# Bricklaying , How do i secure a job offer for my VISA



## Stevepegram (Mar 26, 2015)

Hey guys - first time posting, ive tried to find similar threads to my problem but thought id give a new thread a go.

SO ...I have all the attributes to secure a work visa for NZ and my skill is Bricklaying.Im 31 and i also have family living in auckland ( 40 years + ) But im being told i have to secure a firm job offer before doing so. 
I know Christchurch has 'some' jobs for bricklayers as ive seen it on jobsites but i just dont feel im going to recieve a job offer as im in London. Are there any bricklayers/ builders on this site that have some experience in applying from UK - successful or not?
Ive tried emailing a few firms directly but with no reply... (yet?)
Could really do with some encouragement as its my dream to move to New Zealand. I just recently come back from 2 months travelling there and fell in love.


----------



## JoinerAndy91 (Feb 24, 2015)

Hi Steve

I've recently secured a job in Christchurch and fly out in June. I used New Zealand Skills in Demand (NZSID). They were really helpful advising me on my CV and all other documents required for job hunting in NZ.

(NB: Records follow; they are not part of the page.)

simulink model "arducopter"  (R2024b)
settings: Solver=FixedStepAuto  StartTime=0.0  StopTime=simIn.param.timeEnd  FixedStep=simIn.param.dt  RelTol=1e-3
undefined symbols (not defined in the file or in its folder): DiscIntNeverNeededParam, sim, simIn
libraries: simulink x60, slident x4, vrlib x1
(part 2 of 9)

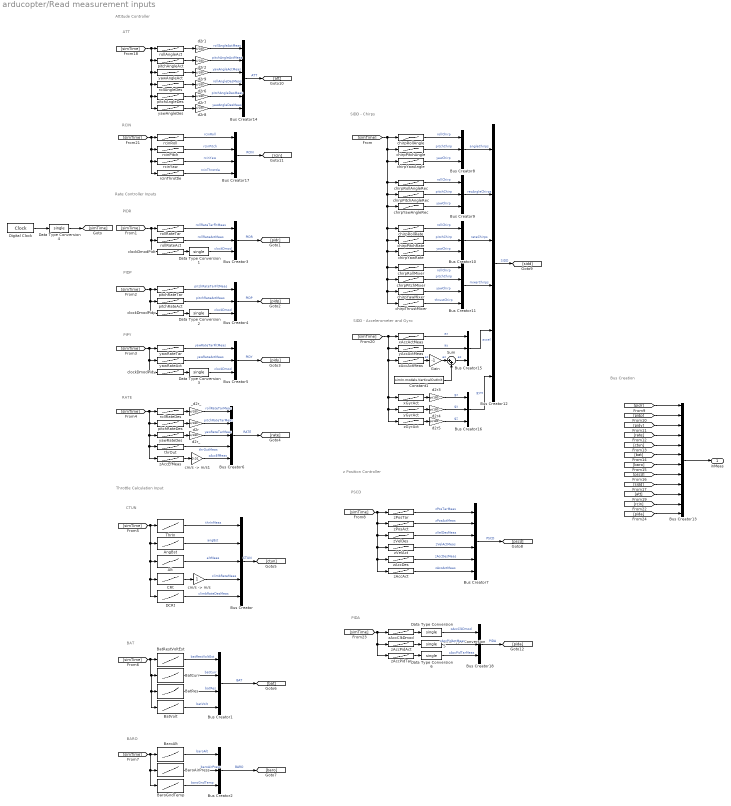
== system arducopter/Read measurement inputs ==
  note: PIDA
  note: Rate Controller Inputs
  note: SIDD - Chirps
  note: PIDR
  note: PIDP
  note: PIPY
  note: RATE
  note: CTUN
  note: BAT
  note: BARO
  note: Throttle Calculation Input
  note: PSCD
  note: z Position Controller
  note: Bus Creation
  note: ATT
  note: Attitude Controller
  note: SIDD - Accelerometer and Gyro
  note: RCIN
  Alt : Lookup_n-D  NumberOfTableDimensions=1  BreakpointsForDimension1=simIn.signals.CTUN.Time  Table=simIn.signals.CTUN.Alt  TableDataTypeStr=single  InternalRulePriority=Speed  OutDataTypeStr=Inherit: Inherit from 'Table data'  RndMeth=Simplest
  AngBst : Lookup_n-D  NumberOfTableDimensions=1  BreakpointsForDimension1=simIn.signals.CTUN.Time  Table=simIn.signals.CTUN.AngBst  TableDataTypeStr=single  InternalRulePriority=Speed  OutDataTypeStr=Inherit: Inherit from 'Table data'  RndMeth=Simplest
  BaroAirPress : Lookup_n-D  NumberOfTableDimensions=1  BreakpointsForDimension1=simIn.signals.BARO.Time  Table=simIn.signals.BARO.AirPress  TableDataTypeStr=Inherit: Inherit from 'Table data'  InternalRulePriority=Speed  OutDataTypeStr=Inherit: Inherit from 'Table data'  RndMeth=Simplest
  BaroAlt : Lookup_n-D  NumberOfTableDimensions=1  BreakpointsForDimension1=simIn.signals.BARO.Time  Table=simIn.signals.BARO.Alt  TableDataTypeStr=Inherit: Inherit from 'Table data'  InternalRulePriority=Speed  OutDataTypeStr=Inherit: Inherit from 'Table data'  RndMeth=Simplest
  BaroGndTemp : Lookup_n-D  NumberOfTableDimensions=1  BreakpointsForDimension1=simIn.signals.BARO.Time  Table=simIn.signals.BARO.GndTemp  TableDataTypeStr=Inherit: Inherit from 'Table data'  InternalRulePriority=Speed  OutDataTypeStr=Inherit: Inherit from 'Table data'  RndMeth=Simplest
  BatCurr : Lookup_n-D  NumberOfTableDimensions=1  BreakpointsForDimension1=simIn.signals.BAT.Time  Table=simIn.signals.BAT.Curr  TableDataTypeStr=single  InternalRulePriority=Speed  OutDataTypeStr=Inherit: Inherit from 'Table data'  RndMeth=Simplest
  BatRes : Lookup_n-D  NumberOfTableDimensions=1  BreakpointsForDimension1=simIn.signals.BAT.Time  Table=simIn.signals.BAT.Res  TableDataTypeStr=single  InternalRulePriority=Speed  OutDataTypeStr=Inherit: Inherit from 'Table data'  RndMeth=Simplest
  BatRestVoltEst : Lookup_n-D  NumberOfTableDimensions=1  BreakpointsForDimension1=simIn.signals.BAT.Time  Table=simIn.signals.BAT.RestVoltEst  TableDataTypeStr=single  InternalRulePriority=Speed  OutDataTypeStr=Inherit: Inherit from 'Table data'  RndMeth=Simplest
  BatVolt : Lookup_n-D  NumberOfTableDimensions=1  BreakpointsForDimension1=simIn.signals.BAT.Time  Table=simIn.signals.BAT.Volt  TableDataTypeStr=Inherit: Inherit from 'Table data'  InternalRulePriority=Speed  OutDataTypeStr=Inherit: Inherit from 'Table data'  RndMeth=Simplest
  Bus Creator : BusCreator  Inputs=5
  Bus Creator1 : BusCreator  Inputs=4
  Bus Creator{2..5,8..10,15..16,18} (10 alike) : BusCreator  Inputs=3
  Bus Creator11 : BusCreator  Inputs=4
  Bus Creator12 : BusCreator  Inputs=6
  Bus Creator13 : BusCreator  Inputs=12
  Bus Creator14 : BusCreator  Inputs=6
  Bus Creator17 : BusCreator  Inputs=4
  Bus Creator6 : BusCreator  Inputs=5
  Bus Creator7 : BusCreator  Inputs=6
  CRt : Lookup_n-D  NumberOfTableDimensions=1  BreakpointsForDimension1=simIn.signals.CTUN.Time  Table=simIn.signals.CTUN.CRt  TableDataTypeStr=single  InternalRulePriority=Speed  OutDataTypeStr=Inherit: Inherit from 'Table data'  RndMeth=Simplest
  Constant1 : Constant  Value=simIn.models.VerticalOutInit
  DCRt : Lookup_n-D  NumberOfTableDimensions=1  BreakpointsForDimension1=simIn.signals.CTUN.Time  Table=simIn.signals.CTUN.DCRt  TableDataTypeStr=single  InternalRulePriority=Speed  OutDataTypeStr=Inherit: Inherit from 'Table data'  RndMeth=Simplest
  Data Type Conversion{,1..6} (7 alike) : DataTypeConversion  OutDataTypeStr=single  SaturateOnIntegerOverflow=off  RndMeth=Floor
  Digital Clock : DigitalClock  SampleTime=simIn.param.dt
  Gain : Gain  Gain=-1
  Sum : Sum  Inputs=|++
  ThrIn : Lookup_n-D  NumberOfTableDimensions=1  BreakpointsForDimension1=simIn.signals.CTUN.Time  Table=simIn.signals.CTUN.ThrIn  TableDataTypeStr=single  InternalRulePriority=Speed  OutDataTypeStr=Inherit: Inherit from 'Table data'  RndMeth=Simplest
  _d2r_ : Gain  Gain=pi/180
  chirpPitchAngle : Lookup_n-D  NumberOfTableDimensions=1  BreakpointsForDimension1=simIn.signals.SIDD.Time{2}  Table=simIn.signals.SIDD.Chirp{2}  TableDataTypeStr=Inherit: Inherit from 'Table data'  InternalRulePriority=Speed  OutDataTypeStr=Inherit: Inherit from 'Table data'  RndMeth=Simplest
  chirpPitchAngleRec : Lookup_n-D  NumberOfTableDimensions=1  BreakpointsForDimension1=simIn.signals.SIDD.Time{5}  Table=simIn.signals.SIDD.Chirp{5}  TableDataTypeStr=Inherit: Inherit from 'Table data'  InternalRulePriority=Speed  OutDataTypeStr=Inherit: Inherit from 'Table data'  RndMeth=Simplest
  chirpPitchMixer : Lookup_n-D  NumberOfTableDimensions=1  BreakpointsForDimension1=simIn.signals.SIDD.Time{11}  Table=simIn.signals.SIDD.Chirp{11}  TableDataTypeStr=Inherit: Inherit from 'Table data'  InternalRulePriority=Speed  OutDataTypeStr=Inherit: Inherit from 'Table data'  RndMeth=Simplest
  chirpPitchRate : Lookup_n-D  NumberOfTableDimensions=1  BreakpointsForDimension1=simIn.signals.SIDD.Time{8}  Table=simIn.signals.SIDD.Chirp{8}  TableDataTypeStr=Inherit: Inherit from 'Table data'  InternalRulePriority=Speed  OutDataTypeStr=Inherit: Inherit from 'Table data'  RndMeth=Simplest
  chirpRollAngle : Lookup_n-D  NumberOfTableDimensions=1  BreakpointsForDimension1=simIn.signals.SIDD.Time{1}  Table=simIn.signals.SIDD.Chirp{1}  TableDataTypeStr=Inherit: Inherit from 'Table data'  InternalRulePriority=Speed  OutDataTypeStr=Inherit: Inherit from 'Table data'  RndMeth=Simplest
  chirpRollAngleRec : Lookup_n-D  NumberOfTableDimensions=1  BreakpointsForDimension1=simIn.signals.SIDD.Time{4}  Table=simIn.signals.SIDD.Chirp{4}  TableDataTypeStr=Inherit: Inherit from 'Table data'  InternalRulePriority=Speed  OutDataTypeStr=Inherit: Inherit from 'Table data'  RndMeth=Simplest
  chirpRollMixer : Lookup_n-D  NumberOfTableDimensions=1  BreakpointsForDimension1=simIn.signals.SIDD.Time{10}  Table=simIn.signals.SIDD.Chirp{10}  TableDataTypeStr=Inherit: Inherit from 'Table data'  InternalRulePriority=Speed  OutDataTypeStr=Inherit: Inherit from 'Table data'  RndMeth=Simplest
  chirpRollRate : Lookup_n-D  NumberOfTableDimensions=1  BreakpointsForDimension1=simIn.signals.SIDD.Time{7}  Table=simIn.signals.SIDD.Chirp{7}  TableDataTypeStr=Inherit: Inherit from 'Table data'  InternalRulePriority=Speed  OutDataTypeStr=Inherit: Inherit from 'Table data'  RndMeth=Simplest
  chirpThrustMixer : Lookup_n-D  NumberOfTableDimensions=1  BreakpointsForDimension1=simIn.signals.SIDD.Time{13}  Table=simIn.signals.SIDD.Chirp{13}  TableDataTypeStr=Inherit: Inherit from 'Table data'  InternalRulePriority=Speed  OutDataTypeStr=Inherit: Inherit from 'Table data'  RndMeth=Simplest
  chirpYawAngle : Lookup_n-D  NumberOfTableDimensions=1  BreakpointsForDimension1=simIn.signals.SIDD.Time{3}  Table=simIn.signals.SIDD.Chirp{3}  TableDataTypeStr=Inherit: Inherit from 'Table data'  InternalRulePriority=Speed  OutDataTypeStr=Inherit: Inherit from 'Table data'  RndMeth=Simplest
  chirpYawAngleRec : Lookup_n-D  NumberOfTableDimensions=1  BreakpointsForDimension1=simIn.signals.SIDD.Time{6}  Table=simIn.signals.SIDD.Chirp{6}  TableDataTypeStr=Inherit: Inherit from 'Table data'  InternalRulePriority=Speed  OutDataTypeStr=Inherit: Inherit from 'Table data'  RndMeth=Simplest
  chirpYawMixer : Lookup_n-D  NumberOfTableDimensions=1  BreakpointsForDimension1=simIn.signals.SIDD.Time{12}  Table=simIn.signals.SIDD.Chirp{12}  TableDataTypeStr=Inherit: Inherit from 'Table data'  InternalRulePriority=Speed  OutDataTypeStr=Inherit: Inherit from 'Table data'  RndMeth=Simplest
  chirpYawRate : Lookup_n-D  NumberOfTableDimensions=1  BreakpointsForDimension1=simIn.signals.SIDD.Time{9}  Table=simIn.signals.SIDD.Chirp{9}  TableDataTypeStr=Inherit: Inherit from 'Table data'  InternalRulePriority=Speed  OutDataTypeStr=Inherit: Inherit from 'Table data'  RndMeth=Simplest
  clockDmodPidp : Lookup_n-D  NumberOfTableDimensions=1  BreakpointsForDimension1=simIn.signals.PIDP.Time  Table=simIn.signals.PIDP.ClockDMod  InternalRulePriority=Speed  RndMeth=Simplest
  clockDmodPidr : Lookup_n-D  NumberOfTableDimensions=1  BreakpointsForDimension1=simIn.signals.PIDR.Time  Table=simIn.signals.PIDR.ClockDMod  TableDataTypeStr=Inherit: Inherit from 'Table data'  InternalRulePriority=Speed  OutDataTypeStr=Inherit: Inherit from 'Table data'  RndMeth=Simplest
  clockDmodPidy : Lookup_n-D  NumberOfTableDimensions=1  BreakpointsForDimension1=simIn.signals.PIDY.Time  Table=simIn.signals.PIDY.ClockDMod  InternalRulePriority=Speed  RndMeth=Simplest
  "cm/s -> m/s" : Gain
  "cm/s -> m/s1" : Gain  Gain=0.01
  d2r{,1..9} (10 alike) : Gain  Gain=pi/180
  d2r_ : Gain  Gain=pi/180
  pitchAngleAct : Lookup_n-D  NumberOfTableDimensions=1  BreakpointsForDimension1=simIn.signals.ATT.Time  Table=simIn.signals.ATT.Pitch  TableDataTypeStr=Inherit: Inherit from 'Table data'  InternalRulePriority=Speed  OutDataTypeStr=Inherit: Inherit from 'Table data'  RndMeth=Simplest
  pitchAngleDes : Lookup_n-D  NumberOfTableDimensions=1  BreakpointsForDimension1=simIn.signals.ATT.Time  Table=simIn.signals.ATT.DesPitch  TableDataTypeStr=Inherit: Inherit from 'Table data'  InternalRulePriority=Speed  OutDataTypeStr=Inherit: Inherit from 'Table data'  RndMeth=Simplest
  pitchRateAct : Lookup_n-D  NumberOfTableDimensions=1  BreakpointsForDimension1=simIn.signals.PIDP.Time  Table=simIn.signals.PIDP.Act  TableDataTypeStr=Inherit: Inherit from 'Table data'  InternalRulePriority=Speed  OutDataTypeStr=Inherit: Inherit from 'Table data'  RndMeth=Simplest
  pitchRateDes : Lookup_n-D  NumberOfTableDimensions=1  BreakpointsForDimension1=simIn.signals.RATE.Time  Table=simIn.signals.RATE.PDes  TableDataTypeStr=Inherit: Inherit from 'Table data'  InternalRulePriority=Speed  OutDataTypeStr=Inherit: Inherit from 'Table data'  RndMeth=Simplest
  pitchRateTar : Lookup_n-D  NumberOfTableDimensions=1  BreakpointsForDimension1=simIn.signals.PIDP.Time  Table=simIn.signals.PIDP.Tar  TableDataTypeStr=Inherit: Inherit from 'Table data'  InternalRulePriority=Speed  OutDataTypeStr=Inherit: Inherit from 'Table data'  RndMeth=Simplest
  rcinPitch : Lookup_n-D  NumberOfTableDimensions=1  BreakpointsForDimension1=simIn.signals.RCIN.Time  Table=simIn.signals.RCIN.PitchInput  InterpMethod=Linear Lagrange  ExtrapMethod=Clip  InternalRulePriority=Speed  OutDataTypeStr=Inherit: Inherit from 'Table data'  RndMeth=Simplest
  rcinRoll : Lookup_n-D  NumberOfTableDimensions=1  BreakpointsForDimension1=simIn.signals.RCIN.Time  Table=simIn.signals.RCIN.RollInput  TableDataTypeStr=Inherit: Inherit from 'Table data'  ExtrapMethod=Clip  InternalRulePriority=Speed  OutDataTypeStr=Inherit: Inherit from 'Table data'  RndMeth=Simplest
  rcinThrottle : Lookup_n-D  NumberOfTableDimensions=1  BreakpointsForDimension1=simIn.signals.RCIN.Time  Table=simIn.signals.RCIN.ThrottleInput  TableDataTypeStr=Inherit: Inherit from 'Table data'  ExtrapMethod=Clip  InternalRulePriority=Speed  OutDataTypeStr=Inherit: Inherit from 'Table data'  RndMeth=Simplest
  rcinYaw : Lookup_n-D  NumberOfTableDimensions=1  BreakpointsForDimension1=simIn.signals.RCIN.Time  Table=simIn.signals.RCIN.YawInput  ExtrapMethod=Clip  InternalRulePriority=Speed  OutDataTypeStr=Inherit: Inherit from 'Table data'  RndMeth=Simplest
  rollAngleAct : Lookup_n-D  NumberOfTableDimensions=1  BreakpointsForDimension1=simIn.signals.ATT.Time  Table=simIn.signals.ATT.Roll  TableDataTypeStr=Inherit: Inherit from 'Table data'  InternalRulePriority=Speed  OutDataTypeStr=Inherit: Inherit from 'Table data'  RndMeth=Simplest
  rollAngleDes : Lookup_n-D  NumberOfTableDimensions=1  BreakpointsForDimension1=simIn.signals.ATT.Time  Table=simIn.signals.ATT.DesRoll  TableDataTypeStr=Inherit: Inherit from 'Table data'  InternalRulePriority=Speed  OutDataTypeStr=Inherit: Inherit from 'Table data'  RndMeth=Simplest
  rollRateAct : Lookup_n-D  NumberOfTableDimensions=1  BreakpointsForDimension1=simIn.signals.PIDR.Time  Table=simIn.signals.PIDR.Act  TableDataTypeStr=Inherit: Inherit from 'Table data'  InternalRulePriority=Speed  OutDataTypeStr=Inherit: Inherit from 'Table data'  RndMeth=Simplest
  rollRateDes : Lookup_n-D  NumberOfTableDimensions=1  BreakpointsForDimension1=simIn.signals.RATE.Time  Table=simIn.signals.RATE.RDes  TableDataTypeStr=Inherit: Inherit from 'Table data'  InternalRulePriority=Speed  OutDataTypeStr=Inherit: Inherit from 'Table data'  RndMeth=Simplest
  rollRateTar : Lookup_n-D  NumberOfTableDimensions=1  BreakpointsForDimension1=simIn.signals.PIDR.Time  Table=simIn.signals.PIDR.Tar  TableDataTypeStr=Inherit: Inherit from 'Table data'  InternalRulePriority=Speed  OutDataTypeStr=Inherit: Inherit from 'Table data'  RndMeth=Simplest
  thrOut : Lookup_n-D  NumberOfTableDimensions=1  BreakpointsForDimension1=simIn.signals.RATE.Time  Table=simIn.signals.RATE.AOut  TableDataTypeStr=Inherit: Inherit from 'Table data'  InternalRulePriority=Speed  OutDataTypeStr=Inherit: Inherit from 'Table data'  RndMeth=Simplest
  xAccActMeas : Lookup_n-D  NumberOfTableDimensions=1  BreakpointsForDimension1=simIn.signals.SIDD.Time{1}  Table=simIn.signals.SIDD.AccX  TableDataTypeStr=Inherit: Inherit from 'Table data'  InternalRulePriority=Speed  OutDataTypeStr=Inherit: Inherit from 'Table data'  RndMeth=Simplest
  xGyrAct : Lookup_n-D  NumberOfTableDimensions=1  BreakpointsForDimension1=simIn.signals.SIDD.Time{1}  Table=simIn.signals.SIDD.GyrX  TableDataTypeStr=Inherit: Inherit from 'Table data'  InternalRulePriority=Speed  OutDataTypeStr=Inherit: Inherit from 'Table data'  RndMeth=Simplest
  yAccActMeas : Lookup_n-D  NumberOfTableDimensions=1  BreakpointsForDimension1=simIn.signals.SIDD.Time{1}  Table=simIn.signals.SIDD.AccY  TableDataTypeStr=Inherit: Inherit from 'Table data'  InternalRulePriority=Speed  OutDataTypeStr=Inherit: Inherit from 'Table data'  RndMeth=Simplest
  yGyrAct : Lookup_n-D  NumberOfTableDimensions=1  BreakpointsForDimension1=simIn.signals.SIDD.Time{1}  Table=simIn.signals.SIDD.GyrY  TableDataTypeStr=Inherit: Inherit from 'Table data'  InternalRulePriority=Speed  OutDataTypeStr=Inherit: Inherit from 'Table data'  RndMeth=Simplest
  yawAngleAct : Lookup_n-D  NumberOfTableDimensions=1  BreakpointsForDimension1=simIn.signals.ATT.Time  Table=simIn.signals.ATT.Yaw  TableDataTypeStr=Inherit: Inherit from 'Table data'  InternalRulePriority=Speed  OutDataTypeStr=Inherit: Inherit from 'Table data'  RndMeth=Simplest
  yawAngleDes : Lookup_n-D  NumberOfTableDimensions=1  BreakpointsForDimension1=simIn.signals.ATT.Time  Table=simIn.signals.ATT.DesYaw  TableDataTypeStr=Inherit: Inherit from 'Table data'  InternalRulePriority=Speed  OutDataTypeStr=Inherit: Inherit from 'Table data'  RndMeth=Simplest
  yawRateAct : Lookup_n-D  NumberOfTableDimensions=1  BreakpointsForDimension1=simIn.signals.PIDY.Time  Table=simIn.signals.PIDY.Act  TableDataTypeStr=Inherit: Inherit from 'Table data'  InternalRulePriority=Speed  OutDataTypeStr=Inherit: Inherit from 'Table data'  RndMeth=Simplest
  yawRateDes : Lookup_n-D  NumberOfTableDimensions=1  BreakpointsForDimension1=simIn.signals.RATE.Time  Table=simIn.signals.RATE.YDes  TableDataTypeStr=Inherit: Inherit from 'Table data'  InternalRulePriority=Speed  OutDataTypeStr=Inherit: Inherit from 'Table data'  RndMeth=Simplest
  yawRateTar : Lookup_n-D  NumberOfTableDimensions=1  BreakpointsForDimension1=simIn.signals.PIDY.Time  Table=simIn.signals.PIDY.Tar  TableDataTypeStr=Inherit: Inherit from 'Table data'  InternalRulePriority=Speed  OutDataTypeStr=Inherit: Inherit from 'Table data'  RndMeth=Simplest
  zAccAct : Lookup_n-D  NumberOfTableDimensions=1  BreakpointsForDimension1=simIn.signals.PSCD.Time  Table=simIn.signals.PSCD.zAccAct  TableDataTypeStr=single  InternalRulePriority=Speed  OutDataTypeStr=Inherit: Inherit from 'Table data'  RndMeth=Simplest
  zAccActMeas : Lookup_n-D  NumberOfTableDimensions=1  BreakpointsForDimension1=simIn.signals.SIDD.Time{1}  Table=simIn.signals.SIDD.AccZ  TableDataTypeStr=Inherit: Inherit from 'Table data'  InternalRulePriority=Speed  OutDataTypeStr=Inherit: Inherit from 'Table data'  RndMeth=Simplest
  zAccClkDmod : Lookup_n-D  NumberOfTableDimensions=1  BreakpointsForDimension1=simIn.signals.PIDA.Time  Table=simIn.signals.PIDA.ClockDMod  InternalRulePriority=Speed  RndMeth=Simplest
  zAccDes : Lookup_n-D  NumberOfTableDimensions=1  BreakpointsForDimension1=simIn.signals.PSCD.Time  Table=simIn.signals.PSCD.zAccDes  TableDataTypeStr=single  InternalRulePriority=Speed  OutDataTypeStr=Inherit: Inherit from 'Table data'  RndMeth=Simplest
  zAccEfMeas : Lookup_n-D  NumberOfTableDimensions=1  BreakpointsForDimension1=simIn.signals.RATE.Time  Table=simIn.signals.RATE.A  TableDataTypeStr=Inherit: Inherit from 'Table data'  InternalRulePriority=Speed  OutDataTypeStr=Inherit: Inherit from 'Table data'  RndMeth=Simplest
  zAccPidAct : Lookup_n-D  NumberOfTableDimensions=1  BreakpointsForDimension1=simIn.signals.PIDA.Time  Table=simIn.signals.PIDA.Act  InternalRulePriority=Speed  RndMeth=Simplest
  zAccPidTar : Lookup_n-D  NumberOfTableDimensions=1  BreakpointsForDimension1=simIn.signals.PIDA.Time  Table=simIn.signals.PIDA.Tar  InternalRulePriority=Speed  RndMeth=Simplest
  zGyrAct : Lookup_n-D  NumberOfTableDimensions=1  BreakpointsForDimension1=simIn.signals.SIDD.Time{1}  Table=simIn.signals.SIDD.GyrZ  TableDataTypeStr=Inherit: Inherit from 'Table data'  InternalRulePriority=Speed  OutDataTypeStr=Inherit: Inherit from 'Table data'  RndMeth=Simplest
  zPosAct : Lookup_n-D  NumberOfTableDimensions=1  BreakpointsForDimension1=simIn.signals.PSCD.Time  Table=simIn.signals.PSCD.zPosAct  TableDataTypeStr=single  InternalRulePriority=Speed  OutDataTypeStr=Inherit: Inherit from 'Table data'  RndMeth=Simplest
  zPosTar : Lookup_n-D  NumberOfTableDimensions=1  BreakpointsForDimension1=simIn.signals.PSCD.Time  Table=simIn.signals.PSCD.zPosTar  TableDataTypeStr=single  InternalRulePriority=Speed  OutDataTypeStr=Inherit: Inherit from 'Table data'  RndMeth=Simplest
  zVelAct : Lookup_n-D  NumberOfTableDimensions=1  BreakpointsForDimension1=simIn.signals.PSCD.Time  Table=simIn.signals.PSCD.zVelAct  TableDataTypeStr=Inherit: Inherit from 'Table data'  InternalRulePriority=Speed  OutDataTypeStr=single  RndMeth=Simplest
  zVelDes : Lookup_n-D  NumberOfTableDimensions=1  BreakpointsForDimension1=simIn.signals.PSCD.Time  Table=simIn.signals.PSCD.zVelDes  TableDataTypeStr=single  InternalRulePriority=Speed  OutDataTypeStr=Inherit: Inherit from 'Table data'  RndMeth=Simplest
  inMeas : Outport
  wires:
  Digital Clock/1 -> Data Type Conversion4/1
  [simTime] -> chirpThrustMixer/1, chirpYawMixer/1, chirpPitchMixer/1, chirpRollMixer/1, chirpYawRate/1, chirpPitchRate/1, chirpRollRate/1, chirpYawAngleRec/1, chirpPitchAngleRec/1, chirpRollAngleRec/1, chirpYawAngle/1, chirpPitchAngle/1, chirpRollAngle/1
  [simTime] -> clockDmodPidr/1, rollRateAct/1, rollRateTar/1
  [simTime] -> clockDmodPidp/1, pitchRateAct/1, pitchRateTar/1
  [simTime] -> yawRateAct/1, clockDmodPidy/1, yawRateTar/1
  [simTime] -> rollRateDes/1, zAccEfMeas/1, thrOut/1, yawRateDes/1, pitchRateDes/1
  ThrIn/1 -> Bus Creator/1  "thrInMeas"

Try Tradestaff also as they're one of the biggest agencies in NZ. Might be a good stepping stone to get over there at least. 

Hope that helps you out mate. Good luck!


----------



## Stevepegram (Mar 26, 2015)

Thanks for your reply mate, and congratualtions on securing a job! Thats encouraging about nz skills in demand as im currently emailing back and forth with them. Im also looking at Christchurch, left a few good mates there too when passing through the city


----------



## Shaun1962 (Jun 20, 2015)

If you do decide to come don't bother with work visa's get yourself a permanent residents visa it will save you a lot of time, trouble and money.


----------



## escapedtonz (Apr 6, 2012)

Shaun1962 said:


> If you do decide to come don't bother with work visa's get yourself a permanent residents visa it will save you a lot of time, trouble and money.


Not really as simple as that Shaun1962. 
For one, Permanent Residency (PR) is not available unless you have been a Resident Visa (RV) holder for at least 2 years. You may be confusing matters with a Resident Visa which still allows a person to live study and work in NZ permanently but it has conditions, usually surrounding travel and sometimes work.
Not everyone can meet the requirements of RV or make enough points on the EOI or they may need or want to be here sooner, which is why they look at temporary work visa's as they are usually secured quickly and offer travel within a month or so or first application but the downside of them is you need a job offer.


----------



## aarif (Feb 14, 2015)

escapedtonz said:


> Not really as simple as that Shaun1962.
> For one, Permanent Residency (PR) is not available unless you have been a Resident Visa (RV) holder for at least 2 years. You may be confusing matters with a Resident Visa which still allows a person to live study and work in NZ permanently but it has conditions, usually surrounding travel and sometimes work.
> Not everyone can meet the requirements of RV or make enough points on the EOI or they may need or want to be here sooner, which is why they look at temporary work visa's as they are usually secured quickly and offer travel within a month or so or first application but the downside of them is you need a job offer.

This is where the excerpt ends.